§ **The problem**
Search the records for the string "units" and copy every line in which it appears.

§ **Source material**
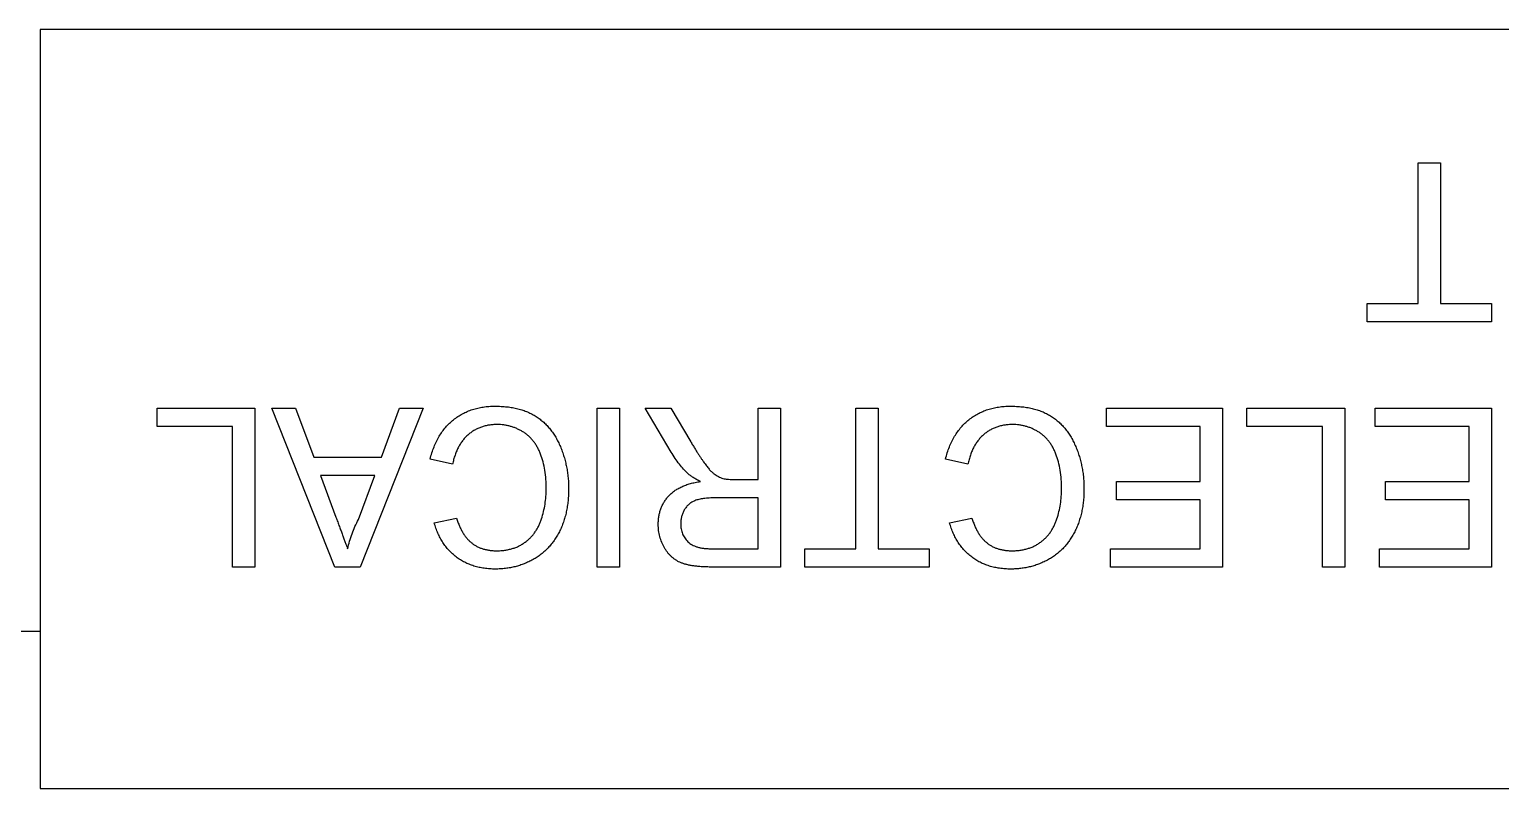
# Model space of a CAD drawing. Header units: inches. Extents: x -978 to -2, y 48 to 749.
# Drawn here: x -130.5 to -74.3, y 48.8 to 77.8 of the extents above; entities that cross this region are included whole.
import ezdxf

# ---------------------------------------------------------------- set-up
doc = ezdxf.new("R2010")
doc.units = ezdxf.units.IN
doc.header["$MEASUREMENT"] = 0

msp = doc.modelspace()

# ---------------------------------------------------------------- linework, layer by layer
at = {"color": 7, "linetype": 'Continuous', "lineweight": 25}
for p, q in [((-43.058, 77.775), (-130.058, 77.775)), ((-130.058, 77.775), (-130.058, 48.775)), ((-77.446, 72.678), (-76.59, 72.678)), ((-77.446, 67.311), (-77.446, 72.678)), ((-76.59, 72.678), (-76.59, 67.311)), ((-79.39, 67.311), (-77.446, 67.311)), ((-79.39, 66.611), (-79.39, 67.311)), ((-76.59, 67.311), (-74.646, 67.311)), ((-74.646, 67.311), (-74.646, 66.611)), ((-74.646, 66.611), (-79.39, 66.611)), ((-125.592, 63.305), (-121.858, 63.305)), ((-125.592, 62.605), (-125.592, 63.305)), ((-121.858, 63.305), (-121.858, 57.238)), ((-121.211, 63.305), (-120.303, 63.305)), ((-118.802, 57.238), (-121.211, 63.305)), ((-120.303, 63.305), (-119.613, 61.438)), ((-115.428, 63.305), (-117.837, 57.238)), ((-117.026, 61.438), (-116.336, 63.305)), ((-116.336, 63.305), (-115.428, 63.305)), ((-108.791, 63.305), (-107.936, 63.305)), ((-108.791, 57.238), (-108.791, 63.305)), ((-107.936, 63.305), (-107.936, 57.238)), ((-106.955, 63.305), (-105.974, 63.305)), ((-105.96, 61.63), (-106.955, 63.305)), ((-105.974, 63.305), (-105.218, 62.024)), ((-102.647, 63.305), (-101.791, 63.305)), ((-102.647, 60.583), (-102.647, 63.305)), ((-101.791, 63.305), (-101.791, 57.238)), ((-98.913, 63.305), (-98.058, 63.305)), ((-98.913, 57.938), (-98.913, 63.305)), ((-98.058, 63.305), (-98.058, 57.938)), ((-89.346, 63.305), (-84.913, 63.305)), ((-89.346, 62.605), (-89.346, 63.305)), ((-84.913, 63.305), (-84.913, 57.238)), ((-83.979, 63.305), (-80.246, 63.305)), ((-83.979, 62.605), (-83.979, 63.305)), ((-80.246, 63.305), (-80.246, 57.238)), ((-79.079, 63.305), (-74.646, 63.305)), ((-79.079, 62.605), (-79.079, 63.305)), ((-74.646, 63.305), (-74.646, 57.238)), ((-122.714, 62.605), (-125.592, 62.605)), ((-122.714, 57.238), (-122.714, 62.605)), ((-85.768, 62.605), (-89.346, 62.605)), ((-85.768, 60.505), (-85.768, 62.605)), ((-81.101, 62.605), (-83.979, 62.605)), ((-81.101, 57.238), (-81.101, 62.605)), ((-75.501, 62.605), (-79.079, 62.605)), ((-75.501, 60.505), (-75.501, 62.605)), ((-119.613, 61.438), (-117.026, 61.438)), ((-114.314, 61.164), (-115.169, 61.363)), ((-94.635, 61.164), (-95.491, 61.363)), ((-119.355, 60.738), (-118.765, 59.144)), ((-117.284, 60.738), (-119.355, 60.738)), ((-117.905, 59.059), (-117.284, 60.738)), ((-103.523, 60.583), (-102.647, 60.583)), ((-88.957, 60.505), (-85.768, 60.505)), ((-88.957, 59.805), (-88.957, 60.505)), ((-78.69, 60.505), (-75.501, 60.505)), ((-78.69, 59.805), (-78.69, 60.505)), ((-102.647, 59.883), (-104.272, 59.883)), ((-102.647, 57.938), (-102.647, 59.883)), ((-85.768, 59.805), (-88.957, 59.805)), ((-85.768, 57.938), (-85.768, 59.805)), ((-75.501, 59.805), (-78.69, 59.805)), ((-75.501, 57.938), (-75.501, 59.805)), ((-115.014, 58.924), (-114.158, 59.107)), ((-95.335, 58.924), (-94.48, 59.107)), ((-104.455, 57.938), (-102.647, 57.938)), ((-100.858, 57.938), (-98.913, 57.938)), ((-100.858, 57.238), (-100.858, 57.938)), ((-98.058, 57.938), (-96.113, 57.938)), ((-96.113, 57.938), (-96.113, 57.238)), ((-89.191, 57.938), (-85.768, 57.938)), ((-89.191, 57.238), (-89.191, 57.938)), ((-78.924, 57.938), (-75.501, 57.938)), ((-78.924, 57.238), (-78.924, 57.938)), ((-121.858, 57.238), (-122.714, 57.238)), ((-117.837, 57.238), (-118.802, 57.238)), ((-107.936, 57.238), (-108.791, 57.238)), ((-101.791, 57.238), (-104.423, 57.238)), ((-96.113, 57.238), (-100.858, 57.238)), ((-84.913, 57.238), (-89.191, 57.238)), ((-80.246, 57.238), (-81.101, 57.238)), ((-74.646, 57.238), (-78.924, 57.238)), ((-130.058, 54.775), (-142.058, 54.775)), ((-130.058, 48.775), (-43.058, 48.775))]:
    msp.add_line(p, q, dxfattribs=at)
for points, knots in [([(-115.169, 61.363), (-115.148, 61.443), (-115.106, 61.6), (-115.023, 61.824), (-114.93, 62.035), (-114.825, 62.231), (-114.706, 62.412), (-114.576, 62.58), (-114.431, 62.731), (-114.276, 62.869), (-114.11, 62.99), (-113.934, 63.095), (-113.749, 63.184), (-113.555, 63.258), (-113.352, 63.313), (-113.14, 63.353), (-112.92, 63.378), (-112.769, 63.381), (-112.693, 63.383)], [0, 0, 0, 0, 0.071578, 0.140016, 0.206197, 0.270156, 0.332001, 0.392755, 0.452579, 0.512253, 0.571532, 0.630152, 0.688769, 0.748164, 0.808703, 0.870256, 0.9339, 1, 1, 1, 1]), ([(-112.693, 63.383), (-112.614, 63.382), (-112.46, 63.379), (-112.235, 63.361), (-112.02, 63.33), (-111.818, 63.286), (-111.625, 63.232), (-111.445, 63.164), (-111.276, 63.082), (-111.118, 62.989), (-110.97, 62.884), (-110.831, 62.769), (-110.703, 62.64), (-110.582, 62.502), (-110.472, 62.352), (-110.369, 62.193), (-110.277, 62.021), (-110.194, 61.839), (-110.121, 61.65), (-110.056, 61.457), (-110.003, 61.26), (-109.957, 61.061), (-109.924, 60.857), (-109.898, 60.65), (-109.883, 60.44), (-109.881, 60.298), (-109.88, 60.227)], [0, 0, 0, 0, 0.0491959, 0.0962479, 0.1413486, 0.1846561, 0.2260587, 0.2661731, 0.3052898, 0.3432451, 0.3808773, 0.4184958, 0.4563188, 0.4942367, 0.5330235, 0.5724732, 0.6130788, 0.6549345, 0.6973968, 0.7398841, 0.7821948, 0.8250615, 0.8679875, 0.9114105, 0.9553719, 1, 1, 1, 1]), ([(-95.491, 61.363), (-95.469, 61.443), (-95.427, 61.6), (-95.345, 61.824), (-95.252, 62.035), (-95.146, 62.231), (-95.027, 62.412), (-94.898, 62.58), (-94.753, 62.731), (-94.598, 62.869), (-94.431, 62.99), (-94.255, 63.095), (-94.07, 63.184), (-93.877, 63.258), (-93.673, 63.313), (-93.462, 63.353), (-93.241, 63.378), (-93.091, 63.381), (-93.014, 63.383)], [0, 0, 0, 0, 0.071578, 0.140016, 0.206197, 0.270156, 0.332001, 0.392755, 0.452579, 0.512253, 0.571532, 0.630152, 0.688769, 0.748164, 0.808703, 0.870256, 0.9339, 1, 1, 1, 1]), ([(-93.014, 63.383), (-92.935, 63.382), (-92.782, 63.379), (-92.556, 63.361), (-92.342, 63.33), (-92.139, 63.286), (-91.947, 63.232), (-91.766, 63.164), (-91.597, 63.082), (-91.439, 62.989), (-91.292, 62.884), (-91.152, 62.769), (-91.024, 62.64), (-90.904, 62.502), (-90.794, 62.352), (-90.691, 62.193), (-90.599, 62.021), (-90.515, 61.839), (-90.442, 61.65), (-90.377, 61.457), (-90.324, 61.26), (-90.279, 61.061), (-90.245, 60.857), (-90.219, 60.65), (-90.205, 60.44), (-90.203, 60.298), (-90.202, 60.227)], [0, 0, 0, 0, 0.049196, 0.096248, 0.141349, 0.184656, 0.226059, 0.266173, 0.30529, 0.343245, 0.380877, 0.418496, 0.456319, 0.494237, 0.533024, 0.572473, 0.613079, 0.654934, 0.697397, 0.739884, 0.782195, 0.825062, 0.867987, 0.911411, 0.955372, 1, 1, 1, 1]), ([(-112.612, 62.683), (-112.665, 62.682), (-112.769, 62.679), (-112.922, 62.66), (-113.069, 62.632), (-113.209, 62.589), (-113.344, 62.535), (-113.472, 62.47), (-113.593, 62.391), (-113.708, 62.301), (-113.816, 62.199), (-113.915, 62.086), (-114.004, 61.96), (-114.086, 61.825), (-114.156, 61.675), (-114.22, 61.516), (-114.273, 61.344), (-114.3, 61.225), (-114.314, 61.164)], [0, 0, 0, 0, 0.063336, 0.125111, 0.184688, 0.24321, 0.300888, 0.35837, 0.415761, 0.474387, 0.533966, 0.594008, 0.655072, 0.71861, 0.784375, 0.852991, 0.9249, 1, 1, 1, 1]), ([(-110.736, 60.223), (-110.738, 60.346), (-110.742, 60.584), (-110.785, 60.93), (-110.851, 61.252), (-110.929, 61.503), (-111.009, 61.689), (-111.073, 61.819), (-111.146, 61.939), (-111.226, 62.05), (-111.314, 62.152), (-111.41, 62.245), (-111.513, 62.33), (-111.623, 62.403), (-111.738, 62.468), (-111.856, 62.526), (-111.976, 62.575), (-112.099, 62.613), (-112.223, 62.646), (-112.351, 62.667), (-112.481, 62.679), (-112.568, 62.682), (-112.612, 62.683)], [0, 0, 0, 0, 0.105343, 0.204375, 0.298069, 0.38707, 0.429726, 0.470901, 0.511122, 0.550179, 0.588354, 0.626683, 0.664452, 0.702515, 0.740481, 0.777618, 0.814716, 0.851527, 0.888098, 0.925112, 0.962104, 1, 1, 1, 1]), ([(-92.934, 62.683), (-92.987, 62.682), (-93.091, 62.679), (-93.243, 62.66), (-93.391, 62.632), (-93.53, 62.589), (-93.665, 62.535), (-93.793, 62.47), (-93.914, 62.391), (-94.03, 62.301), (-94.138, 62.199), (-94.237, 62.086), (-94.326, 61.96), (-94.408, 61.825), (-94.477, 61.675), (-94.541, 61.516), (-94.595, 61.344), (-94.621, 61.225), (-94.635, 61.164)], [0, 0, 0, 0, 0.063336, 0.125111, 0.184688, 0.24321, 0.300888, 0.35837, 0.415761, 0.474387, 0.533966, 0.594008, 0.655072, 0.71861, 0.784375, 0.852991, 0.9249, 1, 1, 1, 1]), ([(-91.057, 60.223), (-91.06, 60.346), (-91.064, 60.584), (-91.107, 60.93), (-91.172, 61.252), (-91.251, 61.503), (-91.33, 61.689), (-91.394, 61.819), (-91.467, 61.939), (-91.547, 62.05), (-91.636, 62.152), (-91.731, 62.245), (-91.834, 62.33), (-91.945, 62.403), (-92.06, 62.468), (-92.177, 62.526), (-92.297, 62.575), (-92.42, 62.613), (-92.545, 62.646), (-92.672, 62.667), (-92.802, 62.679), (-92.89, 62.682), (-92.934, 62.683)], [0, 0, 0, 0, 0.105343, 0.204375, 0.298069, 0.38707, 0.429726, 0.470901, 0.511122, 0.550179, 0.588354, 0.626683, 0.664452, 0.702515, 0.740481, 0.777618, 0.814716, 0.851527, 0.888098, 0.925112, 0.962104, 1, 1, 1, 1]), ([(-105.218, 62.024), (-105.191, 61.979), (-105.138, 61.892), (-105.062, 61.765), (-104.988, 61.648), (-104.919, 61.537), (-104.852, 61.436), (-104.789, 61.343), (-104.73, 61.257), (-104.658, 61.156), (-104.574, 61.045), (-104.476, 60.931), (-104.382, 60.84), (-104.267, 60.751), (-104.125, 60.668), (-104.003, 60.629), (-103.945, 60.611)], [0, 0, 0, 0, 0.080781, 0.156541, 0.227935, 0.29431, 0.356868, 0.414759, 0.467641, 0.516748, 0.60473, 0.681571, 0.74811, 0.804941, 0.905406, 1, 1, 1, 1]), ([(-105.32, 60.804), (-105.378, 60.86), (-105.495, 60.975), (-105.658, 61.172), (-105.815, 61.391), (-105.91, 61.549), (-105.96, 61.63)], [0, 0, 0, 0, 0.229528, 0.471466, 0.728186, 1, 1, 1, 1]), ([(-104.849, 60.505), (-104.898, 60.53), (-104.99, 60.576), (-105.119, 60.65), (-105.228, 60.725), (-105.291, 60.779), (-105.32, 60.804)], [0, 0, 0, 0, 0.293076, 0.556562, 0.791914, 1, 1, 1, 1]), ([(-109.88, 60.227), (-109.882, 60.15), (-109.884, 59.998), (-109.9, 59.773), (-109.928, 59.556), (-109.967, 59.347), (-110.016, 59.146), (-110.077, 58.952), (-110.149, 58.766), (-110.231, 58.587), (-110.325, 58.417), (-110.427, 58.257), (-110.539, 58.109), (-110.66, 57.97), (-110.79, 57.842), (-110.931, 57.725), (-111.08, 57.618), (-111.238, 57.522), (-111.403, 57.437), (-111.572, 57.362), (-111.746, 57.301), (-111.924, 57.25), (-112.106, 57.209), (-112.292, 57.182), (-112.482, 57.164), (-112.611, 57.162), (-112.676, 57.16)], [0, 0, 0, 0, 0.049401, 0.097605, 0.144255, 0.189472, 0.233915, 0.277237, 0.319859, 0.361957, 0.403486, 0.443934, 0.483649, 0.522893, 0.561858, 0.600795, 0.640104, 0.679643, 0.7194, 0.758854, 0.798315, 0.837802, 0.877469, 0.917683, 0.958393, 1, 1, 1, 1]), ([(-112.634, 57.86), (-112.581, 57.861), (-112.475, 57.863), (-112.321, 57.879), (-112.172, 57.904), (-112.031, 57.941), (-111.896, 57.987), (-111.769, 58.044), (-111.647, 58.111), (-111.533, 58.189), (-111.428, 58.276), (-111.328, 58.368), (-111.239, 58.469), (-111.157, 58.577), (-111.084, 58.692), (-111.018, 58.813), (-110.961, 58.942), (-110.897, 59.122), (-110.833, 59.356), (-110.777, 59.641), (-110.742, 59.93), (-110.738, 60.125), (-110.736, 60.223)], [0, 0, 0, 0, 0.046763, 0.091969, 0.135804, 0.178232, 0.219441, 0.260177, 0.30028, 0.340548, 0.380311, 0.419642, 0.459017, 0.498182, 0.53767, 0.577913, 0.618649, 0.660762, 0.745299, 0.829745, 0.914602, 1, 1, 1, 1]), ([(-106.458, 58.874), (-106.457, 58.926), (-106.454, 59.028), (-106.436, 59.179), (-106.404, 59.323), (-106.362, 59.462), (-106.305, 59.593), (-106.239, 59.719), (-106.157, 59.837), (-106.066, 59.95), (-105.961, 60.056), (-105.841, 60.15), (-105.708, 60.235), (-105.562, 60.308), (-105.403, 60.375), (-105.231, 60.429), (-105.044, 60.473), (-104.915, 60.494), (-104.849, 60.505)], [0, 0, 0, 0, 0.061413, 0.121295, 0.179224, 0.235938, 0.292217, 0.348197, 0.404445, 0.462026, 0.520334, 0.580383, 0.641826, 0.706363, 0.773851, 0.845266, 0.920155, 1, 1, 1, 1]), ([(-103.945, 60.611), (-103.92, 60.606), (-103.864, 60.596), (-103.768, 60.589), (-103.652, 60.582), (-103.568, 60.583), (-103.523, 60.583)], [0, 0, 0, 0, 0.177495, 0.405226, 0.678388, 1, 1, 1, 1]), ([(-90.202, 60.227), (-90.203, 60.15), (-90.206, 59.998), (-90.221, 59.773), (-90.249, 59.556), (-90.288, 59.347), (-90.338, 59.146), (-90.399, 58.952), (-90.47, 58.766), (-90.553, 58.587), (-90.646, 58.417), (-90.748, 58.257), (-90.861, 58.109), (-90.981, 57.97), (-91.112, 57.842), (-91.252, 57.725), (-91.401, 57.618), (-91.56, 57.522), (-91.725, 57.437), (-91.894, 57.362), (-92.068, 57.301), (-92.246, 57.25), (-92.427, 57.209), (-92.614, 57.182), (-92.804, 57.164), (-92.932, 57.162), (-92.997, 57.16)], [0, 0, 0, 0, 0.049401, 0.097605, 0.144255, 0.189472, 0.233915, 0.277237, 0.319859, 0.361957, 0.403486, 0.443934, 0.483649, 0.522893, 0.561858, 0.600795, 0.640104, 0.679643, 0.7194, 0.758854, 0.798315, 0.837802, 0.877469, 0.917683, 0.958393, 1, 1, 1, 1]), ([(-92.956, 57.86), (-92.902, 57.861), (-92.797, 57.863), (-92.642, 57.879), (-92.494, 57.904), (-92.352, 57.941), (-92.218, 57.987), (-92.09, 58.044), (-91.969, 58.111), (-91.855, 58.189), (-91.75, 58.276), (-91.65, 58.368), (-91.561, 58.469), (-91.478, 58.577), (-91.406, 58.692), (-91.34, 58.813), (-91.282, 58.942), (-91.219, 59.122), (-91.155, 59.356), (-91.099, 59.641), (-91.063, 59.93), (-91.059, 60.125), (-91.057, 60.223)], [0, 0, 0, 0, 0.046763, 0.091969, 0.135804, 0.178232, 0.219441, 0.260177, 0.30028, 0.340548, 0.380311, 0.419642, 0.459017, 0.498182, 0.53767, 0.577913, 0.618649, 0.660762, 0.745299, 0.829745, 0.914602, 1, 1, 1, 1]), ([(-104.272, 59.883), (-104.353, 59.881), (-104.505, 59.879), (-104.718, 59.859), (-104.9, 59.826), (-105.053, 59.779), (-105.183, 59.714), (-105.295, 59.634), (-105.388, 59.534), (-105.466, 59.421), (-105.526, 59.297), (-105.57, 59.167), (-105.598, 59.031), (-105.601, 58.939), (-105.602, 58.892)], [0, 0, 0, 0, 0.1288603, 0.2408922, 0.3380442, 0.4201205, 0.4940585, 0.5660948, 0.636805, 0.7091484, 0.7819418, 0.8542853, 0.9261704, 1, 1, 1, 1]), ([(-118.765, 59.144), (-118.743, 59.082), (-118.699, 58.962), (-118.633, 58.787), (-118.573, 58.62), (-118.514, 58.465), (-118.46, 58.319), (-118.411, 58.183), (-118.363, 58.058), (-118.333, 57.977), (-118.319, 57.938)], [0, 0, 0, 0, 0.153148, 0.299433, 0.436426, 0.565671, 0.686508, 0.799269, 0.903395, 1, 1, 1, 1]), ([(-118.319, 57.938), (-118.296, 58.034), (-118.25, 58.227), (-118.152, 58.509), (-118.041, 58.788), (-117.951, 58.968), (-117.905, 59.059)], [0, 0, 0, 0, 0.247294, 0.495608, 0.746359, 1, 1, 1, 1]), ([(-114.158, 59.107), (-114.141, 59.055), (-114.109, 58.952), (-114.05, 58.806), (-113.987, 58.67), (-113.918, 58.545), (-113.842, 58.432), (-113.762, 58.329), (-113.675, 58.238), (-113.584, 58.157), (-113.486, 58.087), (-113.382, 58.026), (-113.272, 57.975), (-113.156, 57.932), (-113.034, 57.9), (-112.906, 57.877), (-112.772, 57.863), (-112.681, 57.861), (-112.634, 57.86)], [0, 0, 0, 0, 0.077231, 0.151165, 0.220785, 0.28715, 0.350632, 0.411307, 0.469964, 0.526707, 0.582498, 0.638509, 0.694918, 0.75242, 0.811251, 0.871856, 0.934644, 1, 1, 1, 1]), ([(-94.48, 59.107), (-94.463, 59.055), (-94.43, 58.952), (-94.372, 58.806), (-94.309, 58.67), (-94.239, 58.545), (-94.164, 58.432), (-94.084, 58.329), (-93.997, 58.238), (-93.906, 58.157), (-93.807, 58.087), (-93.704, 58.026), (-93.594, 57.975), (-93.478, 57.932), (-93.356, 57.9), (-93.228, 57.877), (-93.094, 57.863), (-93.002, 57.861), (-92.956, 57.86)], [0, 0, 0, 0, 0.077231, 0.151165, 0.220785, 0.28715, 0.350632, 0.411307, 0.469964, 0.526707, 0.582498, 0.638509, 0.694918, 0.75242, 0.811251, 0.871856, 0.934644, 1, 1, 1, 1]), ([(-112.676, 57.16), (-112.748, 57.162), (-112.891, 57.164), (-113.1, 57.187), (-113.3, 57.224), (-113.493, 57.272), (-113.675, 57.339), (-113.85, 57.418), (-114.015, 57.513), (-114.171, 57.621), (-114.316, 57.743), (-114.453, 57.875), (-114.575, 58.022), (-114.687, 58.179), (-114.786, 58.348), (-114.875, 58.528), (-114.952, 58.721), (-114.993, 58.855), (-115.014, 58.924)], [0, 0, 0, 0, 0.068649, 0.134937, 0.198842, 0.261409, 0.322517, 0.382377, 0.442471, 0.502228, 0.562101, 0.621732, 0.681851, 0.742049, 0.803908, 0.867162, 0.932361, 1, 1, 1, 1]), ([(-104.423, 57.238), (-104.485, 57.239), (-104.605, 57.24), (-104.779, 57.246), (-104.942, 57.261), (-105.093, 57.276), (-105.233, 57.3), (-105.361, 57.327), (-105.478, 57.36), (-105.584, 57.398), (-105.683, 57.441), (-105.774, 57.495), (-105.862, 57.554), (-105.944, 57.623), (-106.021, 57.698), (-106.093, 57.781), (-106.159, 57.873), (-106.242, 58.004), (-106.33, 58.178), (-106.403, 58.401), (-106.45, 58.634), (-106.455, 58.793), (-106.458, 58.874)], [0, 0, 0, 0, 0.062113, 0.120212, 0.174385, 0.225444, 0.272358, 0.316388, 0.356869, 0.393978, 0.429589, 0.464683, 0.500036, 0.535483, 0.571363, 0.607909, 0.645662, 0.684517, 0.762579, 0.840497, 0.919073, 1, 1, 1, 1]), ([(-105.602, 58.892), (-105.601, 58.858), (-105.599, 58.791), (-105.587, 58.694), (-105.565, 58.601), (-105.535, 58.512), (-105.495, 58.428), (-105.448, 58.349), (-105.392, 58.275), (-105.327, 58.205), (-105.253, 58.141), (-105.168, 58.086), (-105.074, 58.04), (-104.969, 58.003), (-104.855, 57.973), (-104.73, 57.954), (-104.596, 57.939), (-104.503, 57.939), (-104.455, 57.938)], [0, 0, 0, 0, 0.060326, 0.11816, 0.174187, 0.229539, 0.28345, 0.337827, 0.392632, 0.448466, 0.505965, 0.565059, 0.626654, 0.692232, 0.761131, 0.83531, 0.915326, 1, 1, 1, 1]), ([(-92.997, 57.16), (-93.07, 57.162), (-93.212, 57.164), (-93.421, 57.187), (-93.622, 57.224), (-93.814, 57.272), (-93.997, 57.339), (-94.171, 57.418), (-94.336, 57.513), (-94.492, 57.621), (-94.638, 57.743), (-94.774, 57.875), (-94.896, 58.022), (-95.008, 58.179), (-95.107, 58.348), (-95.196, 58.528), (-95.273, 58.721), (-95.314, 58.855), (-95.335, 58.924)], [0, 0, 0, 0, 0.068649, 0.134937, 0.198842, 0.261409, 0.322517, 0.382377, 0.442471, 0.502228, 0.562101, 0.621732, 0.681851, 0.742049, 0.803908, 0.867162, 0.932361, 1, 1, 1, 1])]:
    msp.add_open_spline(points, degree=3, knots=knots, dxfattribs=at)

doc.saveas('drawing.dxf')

§ **Solved exercise**
# Model space of a CAD drawing. Header units: inches. Extents: x -978 to -2, y 48 to 749.
doc.units = ezdxf.units.IN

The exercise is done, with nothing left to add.